I have the battery tender plugs on both of my boats, they are the best. There was a thread recently talking about customer service with power pole. Battery tender is another such company, imo. when I first got my yellow skiff, the battery tender plug was missing the plastic cover that protects the wire connections (nuts). I called to see if I could get just the cover (their plant is in Deland). The guy they put me thru to said they didn't have just the cover, they only came as a complete assembly, male and female parts and he couldn't pull just the cover off the male plug. He asked for my address and said he would look around though.
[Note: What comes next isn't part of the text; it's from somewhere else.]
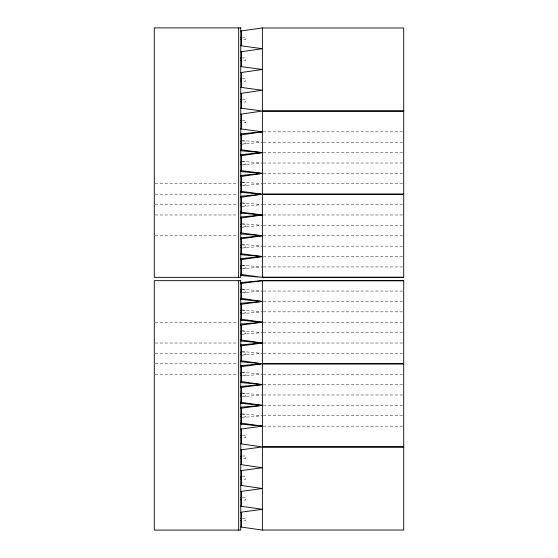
<?xml version="1.0" encoding="UTF-8"?>
<svg xmlns="http://www.w3.org/2000/svg" width="558" height="558" viewBox="0 0 558 558"><rect width="100%" height="100%" fill="white"/><g stroke="black" fill="none" stroke-linecap="round" stroke-linejoin="round"><path stroke-width="0.42" stroke-dasharray="2.79 2.09" d="M241.586 144.201L261.507 142.311M241.586 164.987L261.507 163.096M241.586 185.772L261.507 183.882M241.586 206.558L261.507 204.667M241.586 227.343L261.507 225.453M241.586 248.136L261.507 246.238M241.586 268.921L261.507 267.024M241.586 292.824L261.507 291.13M241.586 313.61L261.507 311.915M241.586 334.395L261.507 332.701M241.586 355.181L261.507 353.486M241.586 375.966L261.507 374.279M241.586 396.752L261.507 395.064M241.586 417.544L261.507 415.85M242.416 37.149L245.743 37.149L245.743 39.646L242.416 39.646M242.416 57.934L245.743 57.934L245.743 60.431L242.416 60.431M242.416 78.72L245.743 78.72L245.743 81.217L242.416 81.217M242.416 99.512L245.743 99.512L245.743 102.002L242.416 102.002M242.416 120.298L245.743 120.298L245.743 122.788L242.416 122.788M263.236 131.834L402.848 131.834M242.416 141.083L245.743 141.083L245.743 143.573L242.416 143.573M263.236 142.227L403.72 142.227M263.236 152.62L402.848 152.62M242.416 161.869L245.743 161.869L245.743 164.366L242.416 164.366M263.236 163.013L403.72 163.013M263.236 173.405L402.848 173.405M242.416 182.654L245.743 182.654L245.743 185.151L242.416 185.151M155.152 183.798L237.806 183.798M263.236 183.798L403.72 183.798M155.152 194.191L237.806 194.191M242.416 203.44L245.743 203.44L245.743 205.937L242.416 205.937M155.152 204.584L237.806 204.584M263.236 204.584L403.72 204.584M155.152 214.976L237.806 214.976M263.236 214.976L402.848 214.976M242.416 224.225L245.743 224.225L245.743 226.722L242.416 226.722M263.236 225.369L403.72 225.369M155.152 235.762L237.806 235.762M263.236 235.762L402.848 235.762M242.416 245.011L245.743 245.011L245.743 247.508L242.416 247.508M263.236 246.155L403.72 246.155M263.236 256.547L402.848 256.547M242.416 265.803L245.743 265.803L245.743 268.293L242.416 268.293M263.236 266.947L403.72 266.947M242.416 289.707L245.743 289.707L245.743 292.197L242.416 292.197M263.236 291.053L403.72 291.053M263.236 301.453L402.848 301.453M242.416 310.492L245.743 310.492L245.743 312.989L242.416 312.989M263.236 311.845L403.72 311.845M155.152 322.238L237.806 322.238M263.236 322.238L402.848 322.238M242.416 331.278L245.743 331.278L245.743 333.775L242.416 333.775M263.236 332.631L403.72 332.631M155.152 343.024L237.806 343.024M263.236 343.024L402.848 343.024M242.416 352.063L245.743 352.063L245.743 354.56L242.416 354.56M155.152 353.416L237.806 353.416M263.236 353.416L403.72 353.416M155.152 363.809L237.806 363.809M242.416 372.849L245.743 372.849L245.743 375.346L242.416 375.346M155.152 374.202L237.806 374.202M263.236 374.202L403.72 374.202M263.236 384.595L402.848 384.595M242.416 393.634L245.743 393.634L245.743 396.131L242.416 396.131M263.236 394.987L403.72 394.987M263.236 405.38L402.848 405.38M242.416 414.427L245.743 414.427L245.743 416.917L242.416 416.917M263.236 415.773L403.72 415.773M263.236 426.166L402.848 426.166M242.416 435.212L245.743 435.212L245.743 437.702L242.416 437.702M242.416 455.998L245.743 455.998L245.743 458.488L242.416 458.488M242.416 476.783L245.743 476.783L245.743 479.28L242.416 479.28M242.416 497.569L245.743 497.569L245.743 500.066L242.416 500.066M242.416 518.354L245.743 518.354L245.743 520.851L242.416 520.851M241.586 140.456L261.507 142.151M241.586 161.248L261.507 162.936M241.586 182.034L261.507 183.721M241.586 202.819L261.507 204.514M241.586 223.605L261.507 225.299M241.586 244.39L261.507 246.085M241.586 265.176L261.507 266.87M241.586 289.079L261.507 290.976M241.586 309.864L261.507 311.762M241.586 330.657L261.507 332.547M241.586 351.442L261.507 353.333M241.586 372.228L261.507 374.118M241.586 393.013L261.507 394.904M241.586 413.799L261.507 415.689"/><path stroke-width="0.84" d="M241.586 134.848L262.372 131.834L241.586 129.024L241.586 114.062L262.372 111.049L241.586 108.238L241.586 93.277L262.372 90.257L241.586 87.453L241.586 72.484L262.372 69.471L241.586 66.667L241.586 51.699L262.372 48.685L241.586 45.882L241.586 30.913L262.372 27.9L262.372 277.34L403.72 277.34L403.72 27.984L262.372 27.984M241.586 155.633L262.372 152.62L241.586 149.809M241.586 176.419L262.372 173.405L241.586 170.602M241.586 197.204L262.372 194.191L241.586 191.387M241.586 217.99L262.372 214.976L241.586 212.173M241.586 238.775L262.372 235.762L241.586 232.958M241.586 259.568L262.372 256.547L241.586 253.744M241.586 283.471L262.372 280.66L403.72 280.66L403.72 530.016L262.372 530.016M241.586 304.256L262.372 301.453L241.586 298.432M241.586 325.042L262.372 322.238L241.586 319.225M241.586 345.827L262.372 343.024L241.586 340.01M241.586 366.613L262.372 363.809L241.586 360.796M241.586 387.398L262.372 384.595L241.586 381.581M241.586 408.191L262.372 405.38L241.586 402.367M241.586 423.152L262.372 426.166L241.586 428.976L241.586 443.938L262.372 446.951L241.586 449.762L241.586 464.723L262.372 467.744L241.586 470.547L241.586 485.516L262.372 488.529L241.586 491.333L241.586 506.301L262.372 509.315L241.586 512.118L241.586 527.087L262.372 530.1L262.372 280.66L241.586 282.432L241.586 299.472L261.507 301.369M262.372 131.834L241.586 133.808L241.586 150.848L262.372 152.62L241.586 154.594L241.586 171.641L261.507 173.329M261.507 173.489L241.586 175.379L241.586 192.426L260.642 194.044M260.642 194.358L241.586 196.165L241.586 213.212L262.372 214.976L241.586 216.95L241.586 233.997L262.372 235.762L241.586 237.736L241.586 254.783L261.507 256.478M261.507 256.631L241.586 258.528L241.586 275.568L262.372 277.34L241.586 274.529M261.507 301.522L241.586 303.217L241.586 320.264L262.372 322.238L241.586 324.003L241.586 341.05L262.372 343.024L241.586 344.788L241.586 361.835L260.642 363.642M260.642 363.955L241.586 365.574L241.586 382.621L261.507 384.511M261.507 384.671L241.586 386.359L241.586 403.406L262.372 405.38L241.586 407.152L241.586 424.192L262.372 426.166M240.756 31.122L241.586 31.122M240.756 37.358L241.586 37.358M240.756 39.437L241.586 39.437M240.756 45.672L241.586 45.672M240.756 51.908L241.586 51.908M240.756 58.144L241.586 58.144M240.756 60.222L241.586 60.222M240.756 66.458L241.586 66.458M240.756 72.693L241.586 72.693M240.756 78.929L241.586 78.929M240.756 81.008L241.586 81.008M240.756 87.243L241.586 87.243M240.756 93.479L241.586 93.479M240.756 99.715L241.586 99.715M240.756 101.793L241.586 101.793M240.756 108.029L241.586 108.029M262.372 110.965L403.72 110.965M262.372 111.126L403.72 111.126M240.756 114.264L241.586 114.264M240.756 120.5L241.586 120.5M240.756 122.586L241.586 122.586M240.756 128.821L241.586 128.821M240.756 134.018L241.586 134.018M240.756 135.057L241.586 135.057M240.756 141.293L241.586 141.293M240.756 143.371L241.586 143.371M240.756 149.607L241.586 149.607M240.756 150.646L241.586 150.646M240.756 154.803L241.586 154.803M240.756 155.842L241.586 155.842M240.756 162.078L241.586 162.078M240.756 164.157L241.586 164.157M240.756 170.392L241.586 170.392M240.756 171.432L241.586 171.432M240.756 175.589L241.586 175.589M240.756 176.628L241.586 176.628M240.756 182.864L241.586 182.864M240.756 184.942L241.586 184.942M240.756 191.178L241.586 191.178M240.756 192.217L241.586 192.217M262.372 194.107L403.72 194.107M262.372 194.275L403.72 194.275M240.756 196.374L241.586 196.374M240.756 197.413L241.586 197.413M240.756 203.649L241.586 203.649M240.756 205.728L241.586 205.728M240.756 211.963L241.586 211.963M240.756 213.003L241.586 213.003M240.756 217.16L241.586 217.16M240.756 218.199L241.586 218.199M240.756 224.435L241.586 224.435M240.756 226.513L241.586 226.513M240.756 232.749L241.586 232.749M240.756 233.788L241.586 233.788M240.756 237.945L241.586 237.945M240.756 238.984L241.586 238.984M240.756 245.22L241.586 245.22M240.756 247.299L241.586 247.299M240.756 253.534L241.586 253.534M240.756 254.574L241.586 254.574M240.756 258.731L241.586 258.731M240.756 259.77L241.586 259.77M240.756 266.006L241.586 266.006M240.756 268.084L241.586 268.084M240.756 274.32L241.586 274.32M240.756 275.359L241.586 275.359M262.372 277.256L403.72 277.256M262.372 280.744L403.72 280.744M240.756 282.641L241.586 282.641M240.756 283.68L241.586 283.68M240.756 289.916L241.586 289.916M240.756 291.994L241.586 291.994M240.756 298.23L241.586 298.23M240.756 299.269L241.586 299.269M240.756 303.426L241.586 303.426M240.756 304.466L241.586 304.466M240.756 310.701L241.586 310.701M240.756 312.78L241.586 312.78M240.756 319.016L241.586 319.016M240.756 320.055L241.586 320.055M240.756 324.212L241.586 324.212M240.756 325.251L241.586 325.251M240.756 331.487L241.586 331.487M240.756 333.565L241.586 333.565M240.756 339.801L241.586 339.801M240.756 340.84L241.586 340.84M240.756 344.997L241.586 344.997M240.756 346.037L241.586 346.037M240.756 352.272L241.586 352.272M240.756 354.351L241.586 354.351M240.756 360.587L241.586 360.587M240.756 361.626L241.586 361.626M262.372 363.725L403.72 363.725M262.372 363.893L403.72 363.893M240.756 365.783L241.586 365.783M240.756 366.822L241.586 366.822M240.756 373.058L241.586 373.058M240.756 375.136L241.586 375.136M240.756 381.372L241.586 381.372M240.756 382.411L241.586 382.411M240.756 386.568L241.586 386.568M240.756 387.608L241.586 387.608M240.756 393.843L241.586 393.843M240.756 395.922L241.586 395.922M240.756 402.158L241.586 402.158M240.756 403.197L241.586 403.197M240.756 407.354L241.586 407.354M240.756 408.393L241.586 408.393M240.756 414.629L241.586 414.629M240.756 416.707L241.586 416.707M240.756 422.943L241.586 422.943M240.756 423.982L241.586 423.982M240.756 429.179L241.586 429.179M240.756 435.414L241.586 435.414M240.756 437.5L241.586 437.5M240.756 443.736L241.586 443.736M262.372 446.874L403.72 446.874M262.372 447.035L403.72 447.035M240.756 449.971L241.586 449.971M240.756 456.207L241.586 456.207M240.756 458.285L241.586 458.285M240.756 464.521L241.586 464.521M240.756 470.757L241.586 470.757M240.756 476.992L241.586 476.992M240.756 479.071L241.586 479.071M240.756 485.307L241.586 485.307M240.756 491.542L241.586 491.542M240.756 497.778L241.586 497.778M240.756 499.856L241.586 499.856M240.756 506.092L241.586 506.092M240.756 512.328L241.586 512.328M240.756 518.563L241.586 518.563M240.756 520.642L241.586 520.642M240.756 526.878L241.586 526.878M238.678 27.9L238.678 277.34M238.678 280.66L238.678 530.1M240.756 27.9L154.28 27.9L154.28 277.34L240.756 277.34L240.756 27.9M240.756 280.66L154.28 280.66L154.28 530.1L240.756 530.1L240.756 280.66"/></g></svg>

A couple days later a complete assembly in the bubble pack arrived at my door, no charge, no shipping.


----------



## KnotHome

Breaker is a must have!


----------



## Str8-Six

I have Breaker.


KnotHome said:


> Breaker is a must have!


I have a breaker. 
Went to westmarine and it looks like the newer marinco is bigger and will require bigger hole to be drilled anyways. I'm going with battery tender since I have to drill a hole anyways.


----------



## not2shabby

I just installed a Marinco plug, receptacle, and added the 6ga wire adapter so that I could run 6ga from the batteries to the receptacle. So far, so good.

I'm really regretting finding this thread AFTER I got the Marinco. Looks like I could have gotten the Battery Tender rig for an extra $7 and I think it would have been worth it.


----------